By the Light of the Moon

Today is April 14, which Hyperion has named International Lift a 40 to your Homies Day. Tomorrow is April 15, known in some circles as International Push a Button Day, and Sunday is April 16, sometimes known as Easter, but even more well-known as International Munchausen Day. Make sure you celebrate all of the days, and leave a comment on mine so Egan will quit making fun of me.


Today is also my fourth time participating in the Carnival of the Mundane. To those who might be visiting because of that, sorry about the mess (we just moved in). For my regulars, you're going to want to take a look at my entry: By the Light of the Moon. It just might get you into heaven one day.


I planned on having two more things this morning, a column on the nature of Jesus (that Lady Jane Scarlett talked me into), and this poem I did a voice recording of, about the cross (and written from the tree's perspective). It was majorly sweet.

Sadly, there was another family hospital visit last night, which pretty much threw out working on a column, and though I recorded the poem six different times, Blogger decided to hate. Oh Blogger, Blogger: why hast thous forsaken me?
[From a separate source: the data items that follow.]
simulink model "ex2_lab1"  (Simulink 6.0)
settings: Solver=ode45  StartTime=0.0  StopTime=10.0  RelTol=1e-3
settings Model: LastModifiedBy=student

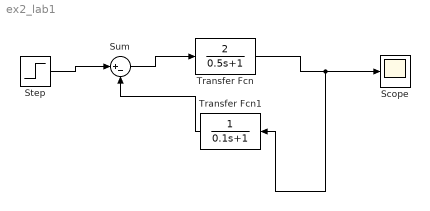
== system ex2_lab1 ==
  Scope : Scope
      settings: TimeRange=10  YMin=0  YMax=0.7000000000000001
  Step : Step  SampleTime=0
  Sum : Sum  Inputs=|+-
  Transfer Fcn : TransferFcn  Numerator=[2]  Denominator=[0.5 1]
  Transfer Fcn1 : TransferFcn  Orientation=left  Denominator=[0.1 1]
  wires:
  Transfer Fcn/1 -> Scope/1, Transfer Fcn1/1
  Step/1 -> Sum/1
  Sum/1 -> Transfer Fcn/1
  Transfer Fcn1/1 -> Sum/2

[Some might note the incongruity of recording a poem about the cross and my flippant blasphemy, but hey: I gotta be me.]

I still may get the audio issues worked out and post again this weekend. If not, there's always Monkey Barn, and to quell those who were looking forward to a poem, I have a small part of it for you. The poem is called "The Dream of the Rood," and this portion is engraved on teh Ruthwell Cross in the British Isles:

The Ruthwell Cross crucifixion poem

The Ruthwell Cross
God almighty stripped himself,
when he wished to climb the cross
bold before all men.
to bow I dared not,
but had to stand firm

I held high the great King,
heaven's Lord. I dared not bend.
Men mocked us both together.
I was slick with blood
sprung from the man's side.

Christ was on the cross.
But then quick ones came from afar,
nobles, all together. I beheld it all.
I was hard hit with grief; I bowed to warriors' hands.

Wounded with spears,
they laid him, limb-weary.
At his body's head they stood.
There they looked to heaven's Lord.

If you want to read the whole thing, feel free to take a look.

If I don't get back this weekend, have a great time with family, friends, God, or Papa Smurf.